What? The R5 slows down to 6 fps with flicker reduction turned on? Say it ain't so, Joe!

The 1D X Mark II only did 16 fps in mirror lockup mode with no AF tracking between frames. That freed up a LOT of processing cycles that were used for image processing instead.


----------



## Michael Clark (Sep 28, 2020)

bbasiaga said:


> I wondered, after the R5 overheating issues, if the R1 was not in the works yet because of thermal issues. I think these typically get a dual Digic set up, and if one of those bad boys is throwing lots of heat imagine 2.... That's not to say they wouldn't just do a single next gen Digic, but it was just my thought that the processing required for an R1 series could be a limiting issue at the moment.
> 
> The larger body with built in grip could give them some opportunities though for heat dissipation ideas.
> 
> ...



It seems more and more like the most significant source of the heat problem in the R5 are the CFExpress cards, rather than the DiG!C X processor. 

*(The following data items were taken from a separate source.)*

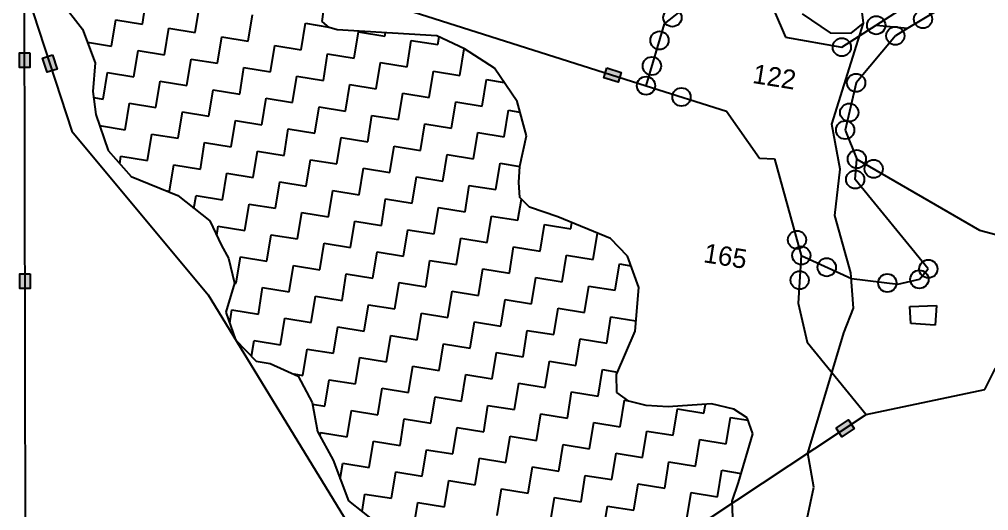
# Model space of a CAD drawing. Header units: metres. Extents: x 318079 to 324759, y 1863980 to 1868406.
# Drawn here: x 319823.5 to 320303.5, y 1867428.9 to 1867672.5 of the extents above; entities that cross this region are included whole.
import ezdxf

# ---------------------------------------------------------------- set-up
doc = ezdxf.new("R2010")
doc.units = ezdxf.units.M
for name, color, linetype in [('LINE_WATER', 4, 'Continuous'), ('OTHERS', 1, 'Continuous'), ('POLY_HATCH', 12, 'Continuous'), ('POLY_PARCEL', 6, 'Continuous'), ('TEXT_PARCEL', 7, 'Continuous')]:
    doc.layers.add(name, color=color, linetype=linetype)
doc.styles.add('TEXT_MAP', font='')
doc.styles.get('TEXT_MAP').set_extended_font_data('Kruti Dev 050')

msp = doc.modelspace()

# ---------------------------------------------------------------- hatches: boundary and pattern name
for points in [[(319823.55, 1867648.56), (319828.66, 1867648.57), (319828.64, 1867655.96), (319823.53, 1867655.95)], [(319837.35, 1867646.27), (319842.21, 1867647.85), (319839.92, 1867654.88), (319835.06, 1867653.3)], [(320119.98, 1867641.31), (320121.54, 1867646.18), (320114.49, 1867648.42), (320112.94, 1867643.55)], [(319823.78, 1867538.97), (319828.89, 1867538.98), (319828.88, 1867546.37), (319823.76, 1867546.36)], [(320236.98, 1867469.59), (320234.15, 1867473.85), (320227.99, 1867469.77), (320230.81, 1867465.51)]]:
    msp.add_hatch(color=256).paths.add_polyline_path(points)

# ---------------------------------------------------------------- linework, layer by layer
for points in [[(319828.64, 1867655.96), (319828.66, 1867648.57), (319823.55, 1867648.56), (319823.53, 1867655.95)], [(319839.92, 1867654.88), (319842.21, 1867647.85), (319837.35, 1867646.27), (319835.06, 1867653.3)], [(320114.49, 1867648.42), (320121.54, 1867646.18), (320119.98, 1867641.31), (320112.94, 1867643.55)], [(319828.88, 1867546.37), (319828.89, 1867538.98), (319823.78, 1867538.97), (319823.76, 1867546.36)], [(320227.99, 1867469.77), (320234.15, 1867473.85), (320236.98, 1867469.59), (320230.81, 1867465.51)]]:
    msp.add_lwpolyline(points, close=True)
for centre in [(320146.91, 1867673.35), (320271, 1867672.58), (320247.82, 1867669.57), (320140.5, 1867662.03), (320257.31, 1867664.31), (320230.79, 1867658.68), (320136.73, 1867649.34), (320133.83, 1867639.58), (320237.87, 1867641.01), (320151.39, 1867634), (320234.47, 1867626.3), (320232.46, 1867617.61), (320238.23, 1867603.19), (320246.55, 1867598.37), (320237.41, 1867593.1), (320208.58, 1867563.19), (320210.72, 1867555.43), (320223.32, 1867549.59), (320273.62, 1867548.75), (320209.93, 1867543.18), (320253.31, 1867541.78), (320269.22, 1867543.61)]:
    msp.add_circle(centre, 4.52)
at = {"layer": 'LINE_WATER'}
for p, q in [((320241.5, 1867670.63), (320240.82, 1867676.06)), ((320211.23, 1867675.22), (320225.06, 1867665.79)), ((320235.38, 1867665.68), (320241.5, 1867670.63)), ((320235.49, 1867651.1), (320241.5, 1867670.63)), ((320225.06, 1867665.79), (320235.38, 1867665.68)), ((320225.91, 1867620.55), (320235.49, 1867651.1)), ((320230.04, 1867598.28), (320225.91, 1867620.55)), ((320227.25, 1867575.28), (320230.04, 1867598.28)), ((320235.32, 1867546.81), (320227.25, 1867575.28)), ((320236.51, 1867529.33), (320235.32, 1867546.81)), ((320231.76, 1867517.14), (320236.51, 1867529.33)), ((320213.97, 1867457.43), (320231.76, 1867517.14)), ((320216.89, 1867440.54), (320213.97, 1867457.43)), ((320210.42, 1867410.1), (320216.89, 1867440.54))]:
    msp.add_line(p, q, dxfattribs=at)
at = {"layer": 'OTHERS'}
for p, q in [((320264.46, 1867530.18), (320277.63, 1867530.67)), ((320264.92, 1867521.74), (320264.46, 1867530.18)), ((320277.63, 1867530.67), (320277.08, 1867520.82)), ((320277.08, 1867520.82), (320264.92, 1867521.74))]:
    msp.add_line(p, q, dxfattribs=at)
at = {"layer": 'POLY_HATCH'}
for p, q in [((319843.68, 1867681.75), (319854.83, 1867667.66)), ((319973.41, 1867671.48), (319974.18, 1867676.25)), ((319977.01, 1867668.45), (319973.41, 1867671.48)), ((319854.83, 1867667.66), (319861.1, 1867651)), ((319980.92, 1867667.32), (319977.01, 1867668.45)), ((320030.28, 1867664.23), (319980.92, 1867667.32)), ((320043.97, 1867657.94), (320030.28, 1867664.23)), ((320058.74, 1867648.21), (320043.97, 1867657.94)), ((319861.1, 1867651), (319859.9, 1867636.66)), ((320069.97, 1867631.71), (320058.74, 1867648.21)), ((319859.9, 1867636.66), (319861.41, 1867625.24)), ((320074.57, 1867614.65), (320069.97, 1867631.71)), ((319861.41, 1867625.24), (319867.49, 1867607.5)), ((320071.33, 1867599.67), (320074.57, 1867614.65)), ((319867.49, 1867607.5), (319878.82, 1867594.49)), ((320070.84, 1867591.59), (320071.33, 1867599.67)), ((319878.82, 1867594.49), (319901.95, 1867585.16)), ((320071.27, 1867584.18), (320070.84, 1867591.59)), ((319901.95, 1867585.16), (319917.82, 1867572.53)), ((320076.2, 1867579.3), (320071.27, 1867584.18)), ((320090.15, 1867574.6), (320076.2, 1867579.3)), ((319917.82, 1867572.53), (319923.69, 1867560.41)), ((320116.21, 1867563.86), (320090.15, 1867574.6)), ((320124.61, 1867555.15), (320116.21, 1867563.86)), ((319923.69, 1867560.41), (319927.11, 1867554.08)), ((319927.11, 1867554.08), (319930.09, 1867541.64)), ((320130.26, 1867539.56), (320124.61, 1867555.15)), ((319930.09, 1867541.64), (319925.79, 1867527.38)), ((320128.38, 1867517.83), (320130.26, 1867539.56)), ((319925.79, 1867527.38), (319930.56, 1867513.64)), ((320119.2, 1867496.47), (320128.38, 1867517.83)), ((319930.56, 1867513.64), (319940.82, 1867503.01)), ((319940.82, 1867503.01), (319947.64, 1867501.91)), ((319947.64, 1867501.91), (319961.61, 1867495.66)), ((319961.61, 1867495.66), (319968.49, 1867482.58)), ((320119.38, 1867487.47), (320119.2, 1867496.47)), ((320125.24, 1867483.26), (320119.38, 1867487.47)), ((319968.49, 1867482.58), (319971.15, 1867468.19)), ((320133.87, 1867481.05), (320125.24, 1867483.26)), ((320144.79, 1867480.39), (320133.87, 1867481.05)), ((320166.27, 1867481.81), (320144.79, 1867480.39)), ((320177.29, 1867479.21), (320166.27, 1867481.81)), ((320183.94, 1867474.87), (320177.29, 1867479.21)), ((320186.77, 1867467.07), (320183.94, 1867474.87)), ((319971.15, 1867468.19), (319978.84, 1867453.98)), ((320179.6, 1867442.94), (320186.77, 1867467.07)), ((319978.84, 1867453.98), (319986.57, 1867433.79)), ((320176.46, 1867433.66), (320179.6, 1867442.94)), ((319986.57, 1867433.79), (320000.73, 1867422.52)), ((320176.77, 1867425.45), (320176.46, 1867433.66))]:
    msp.add_line(p, q, dxfattribs=at)
at = {"layer": 'POLY_HATCH', "linetype": 'Continuous'}
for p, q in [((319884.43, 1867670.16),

By the way, the 1D X Mark III only has a single DiG!C X processor, which is so many times more powerful than both dual DiG!C 6+ processors combined in the 1D X Mark II it's not even funny.


----------



## Michael Clark (Sep 28, 2020)

Methodical said:


> This is why I did not consider the 1DX3. I knew this probably was a peak into the future mirrorless 1D body and Canon trying to get that last money grab for the 1D Dslr body.
> 
> They should name the new body EOS 1DR to distinguish it from the previous generation 1D camera, like they did going from the 1D4 to the 1DX.





navastronia said:


> I think "R1," on its own, sounds more graceful.



I like R1 D.

Then the next one can be the R2 D. 

Then a minor revision of that one can be the R2 D2!


----------



## Michael Clark (Sep 28, 2020)

David - Sydney said:


> The list is a hybrid between current 1DXiii specs and R5 specs.
> It describes an excellent stills machine from R5 and improves on video capabilities from R5 (mostly thermal) with a new sensor.
> Dual processors have been the case with 1DX ii and there is space for 2 processors in a 1D body
> Dual Digic X would provide the horsepower for
> ...



The processing power of a single DiG!C X (which is what the 1D X Mark III has -a single DiG!C X processor) dwarfs the combined power of the Dual DiG!C6+ processors in the 1D X Mark II. 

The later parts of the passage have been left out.